Run your Flux model without an A100

This tutorial demonstrates how to use the pruna package to optimize your Flux model for memory consumption.

This tutorial smashes the Flux model on CPU, which will require around 28GB of memory. As the example inference is run on GPU with the smashed model, a GPU with around 18 GB VRAM is sufficient (15GB for 4bit quantization, 11GB for 4bit quantization with additional memory savings).

1. Loading the Flux Model

First, load your Flux model.

[ ]:
import torch

model_id = "black-forest-labs/FLUX.1-schnell"
model_revision = "refs/pr/1"
text_model_id = "openai/clip-vit-large-patch14"
model_data_type = torch.bfloat16
[ ]:
from diffusers.models.transformers.transformer_flux import FluxTransformer2DModel
from diffusers.pipelines.flux.pipeline_flux import FluxPipeline
from transformers import CLIPTextModel, CLIPTokenizer,T5EncoderModel, T5TokenizerFast
from diffusers import FlowMatchEulerDiscreteScheduler, AutoencoderKL

tokenizer = CLIPTokenizer.from_pretrained(
    text_model_id, torch_dtype=model_data_type)
text_encoder = CLIPTextModel.from_pretrained(
    text_model_id, torch_dtype=model_data_type)

# 2
tokenizer_2 = T5TokenizerFast.from_pretrained(
    model_id, subfolder="tokenizer_2", torch_dtype=model_data_type,
    revision=model_revision)
text_encoder_2 = T5EncoderModel.from_pretrained(
    model_id, subfolder="text_encoder_2", torch_dtype=model_data_type,
    revision=model_revision)

# Transformers
scheduler = FlowMatchEulerDiscreteScheduler.from_pretrained(
    model_id, subfolder="scheduler", revision=model_revision)
transformer = FluxTransformer2DModel.from_pretrained(
    model_id, subfolder="transformer", torch_dtype=model_data_type,
    revision=model_revision)

# VAE
vae = AutoencoderKL.from_pretrained(
    model_id, subfolder="vae", torch_dtype=model_data_type,
    revision=model_revision)

2. Initializing the Smash Config

Next, initialize the smash_config.

[ ]:
from pruna import SmashConfig

# Initialize the SmashConfig
smash_config = SmashConfig()
smash_config['quantizers'] = ['quanto']
smash_config['quant_quanto_calibrate'] = False
smash_config['quant_quanto_weight_type'] = 'qfloat' # qfloat, qint
smash_config['quant_quanto_weight_bits'] = 8 # 4, 8 Choose depending on how much you want to quantize

3. Smashing the Model

Now, you can smash the model, which will take around 4 minutes. Don’t forget to replace the token by the one provided by PrunaAI.

[ ]:
from pruna import smash

transformer = smash(
    model=transformer,
    token="<your_token>",  # replace <your_token> with your actual token or set to None if you do not have one yet
    smash_config=smash_config,
)
text_encoder_2 = smash(
    model=text_encoder_2,
    token="<your_token>",  # replace <your_token> with your actual token or set to None if you do not have one yet
    smash_config=smash_config,
)

4. Running the Model

Finally, run the model to generate the image.
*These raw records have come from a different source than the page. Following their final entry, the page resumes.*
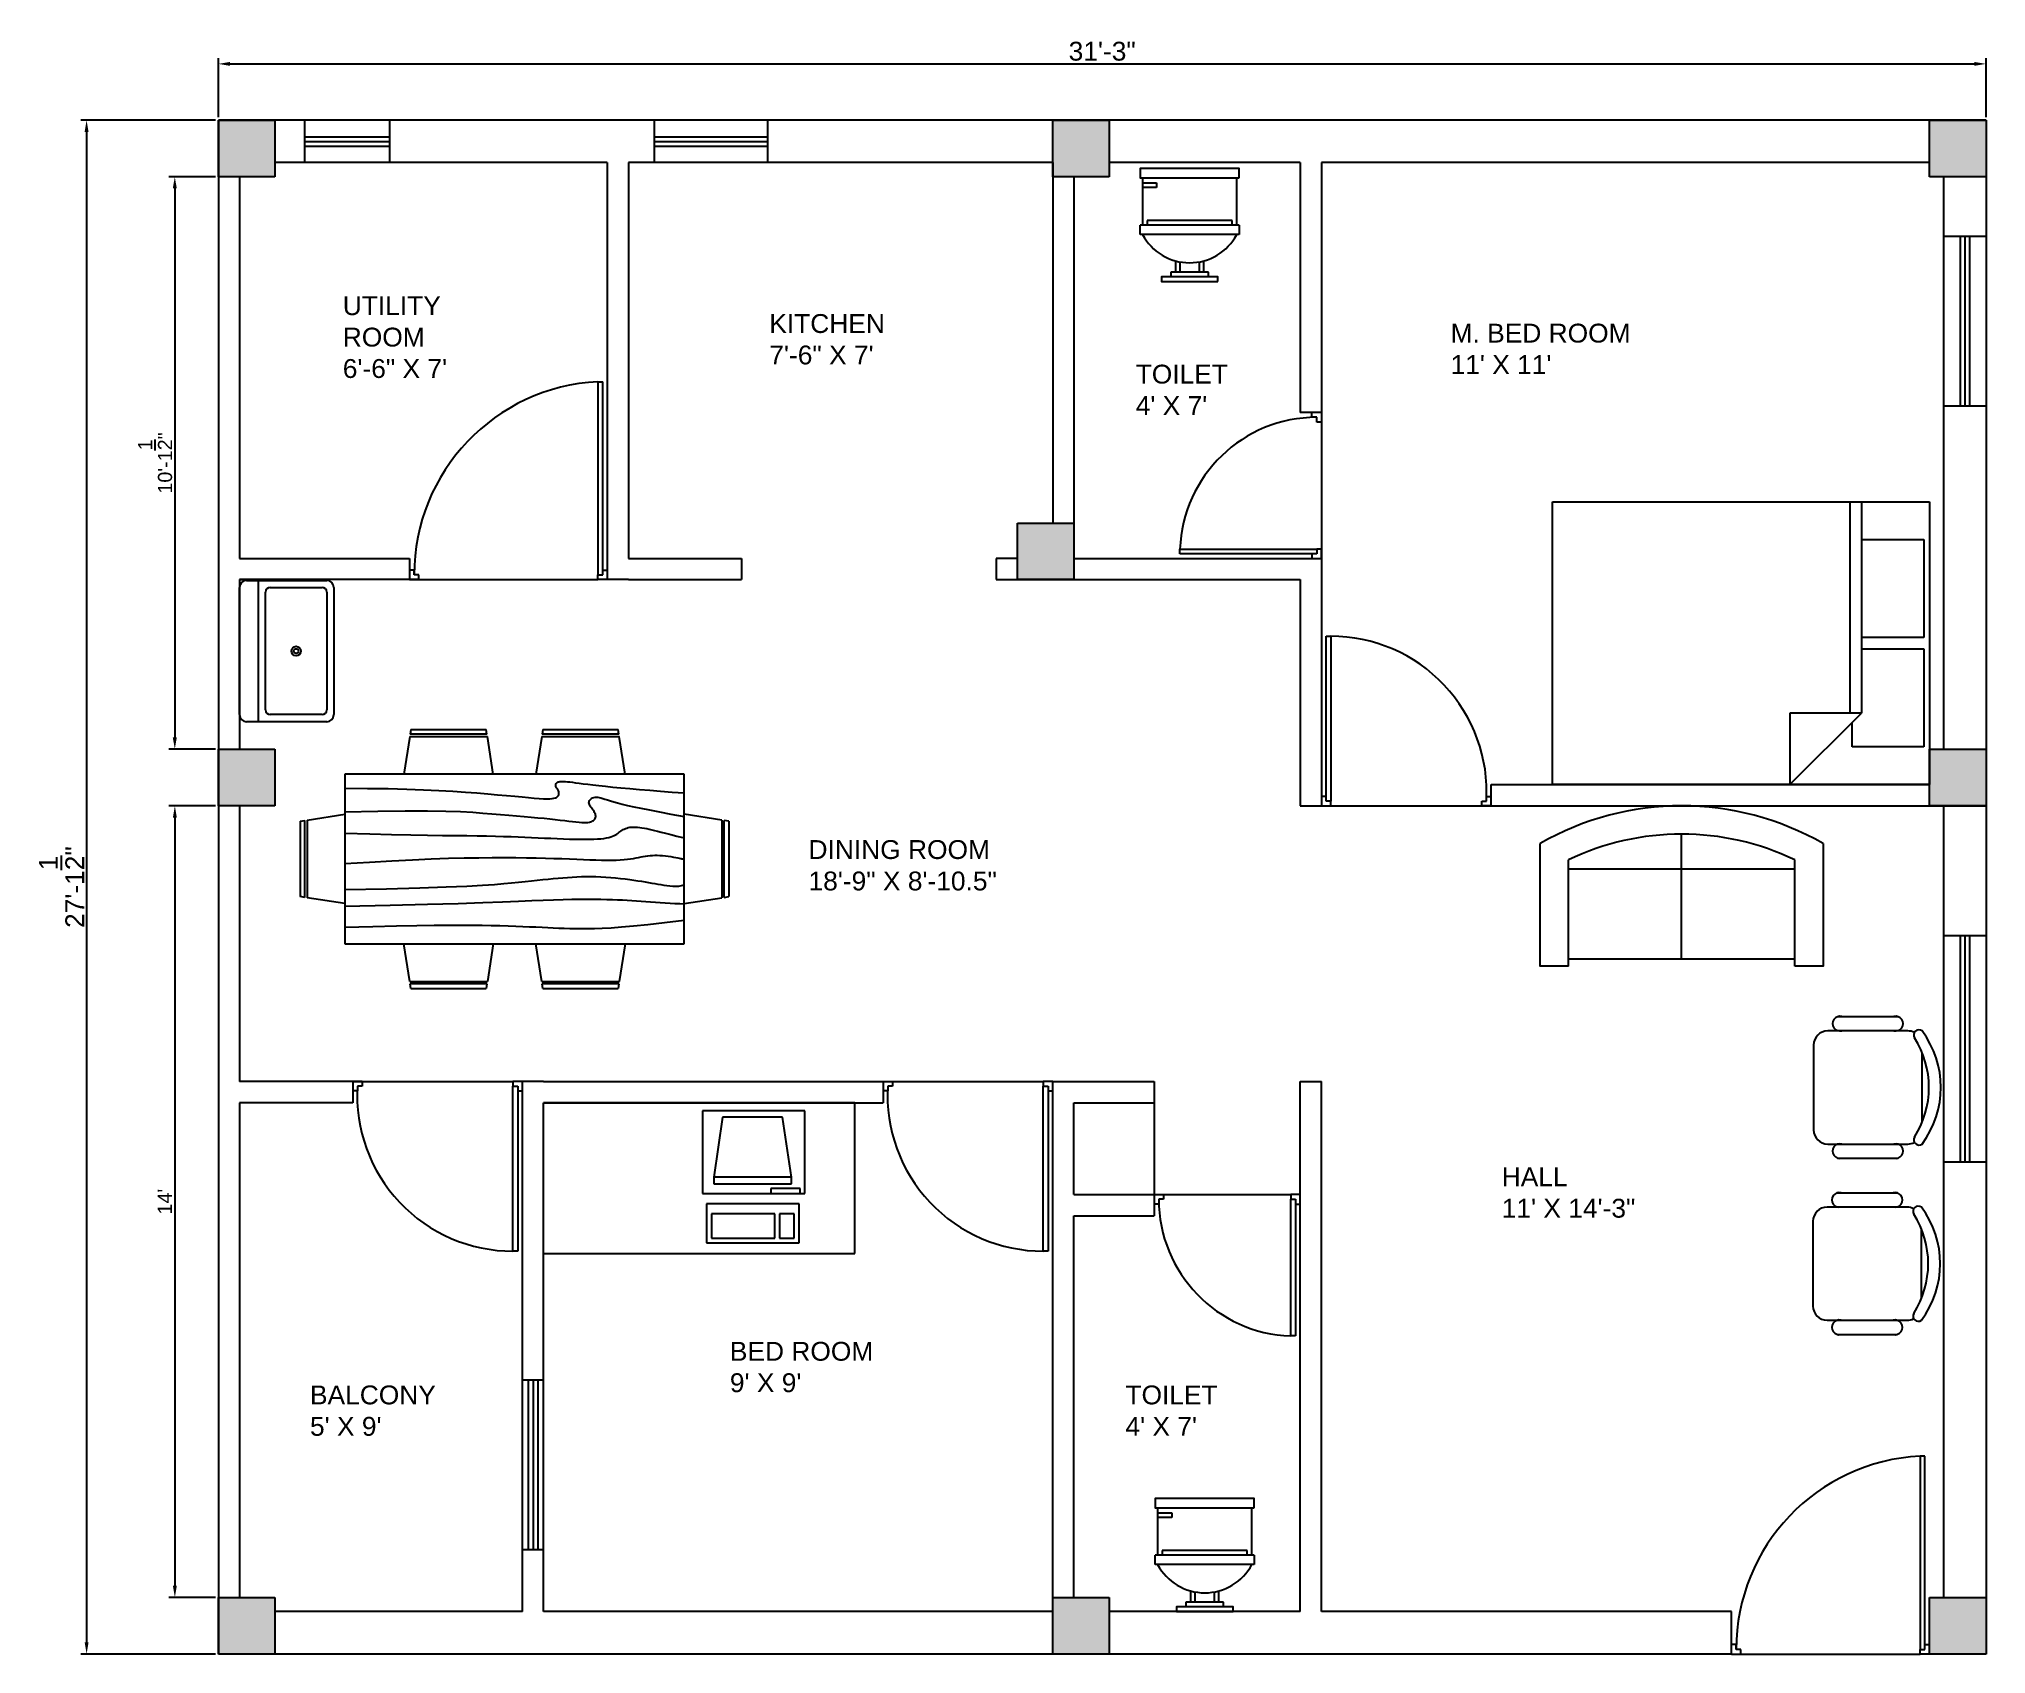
# Model space of a CAD drawing. Header units: inches. Extents: x 1681 to 2094, y 1938 to 2281.
import ezdxf

# ---------------------------------------------------------------- set-up
doc = ezdxf.new("R2010")
doc.units = ezdxf.units.IN
doc.layers.add('doors', color=15, linetype='Continuous')
doc.layers.add('windows', color=140, linetype='Continuous')
doc.styles.get("Standard").update_dxf_attribs({"font": 'arial.ttf'})
doc.dimstyles.new('ISO-25', dxfattribs={"dimtxt": 2.5, "dimasz": 2.5, "dimexe": 1.25, "dimexo": 0.625, "dimtad": 1, "dimlunit": 4, "dimtxsty": 'Standard', "dimcen": 2.5, "dimadec": 0, "dimazin": 0, "dimtfac": 1, "dimtmove": 0, "dimatfit": 3, "dimfxl": 1, "dimarcsym": 0})

# ---------------------------------------------------------------- blocks, each defined once
blk = doc.blocks.new('*D3')
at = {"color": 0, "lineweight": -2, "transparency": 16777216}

Note that moving the modules to the GPU can take some time.

[ ]:
pipe = FluxPipeline(
    scheduler=scheduler,
    text_encoder=text_encoder,
    tokenizer=tokenizer,
    text_encoder_2=text_encoder_2,
    tokenizer_2=tokenizer_2,
    vae=vae,
    transformer=transformer
)
[ ]:
pipe.text_encoder.to('cuda')
pipe.vae.to('cuda')
pipe.transformer.to('cuda')
pipe.text_encoder_2.to('cuda')
[ ]:
# For added memory savings run this block, there is however a trade-off with speed.
vae.enable_tiling()
vae.enable_slicing()
pipe.enable_sequential_cpu_offload()
[ ]:
prompt = "A cat holding a sign that says hello world"
pipe(
    prompt,
    guidance_scale=0.0,
    num_inference_steps=4,
    max_sequence_length=256,
    generator=torch.Generator("cpu").manual_seed(0)
).images[0]

Wrap Up

Congratulations! You have successfully smashed a Flux model. Enjoy the smaller memory footprint!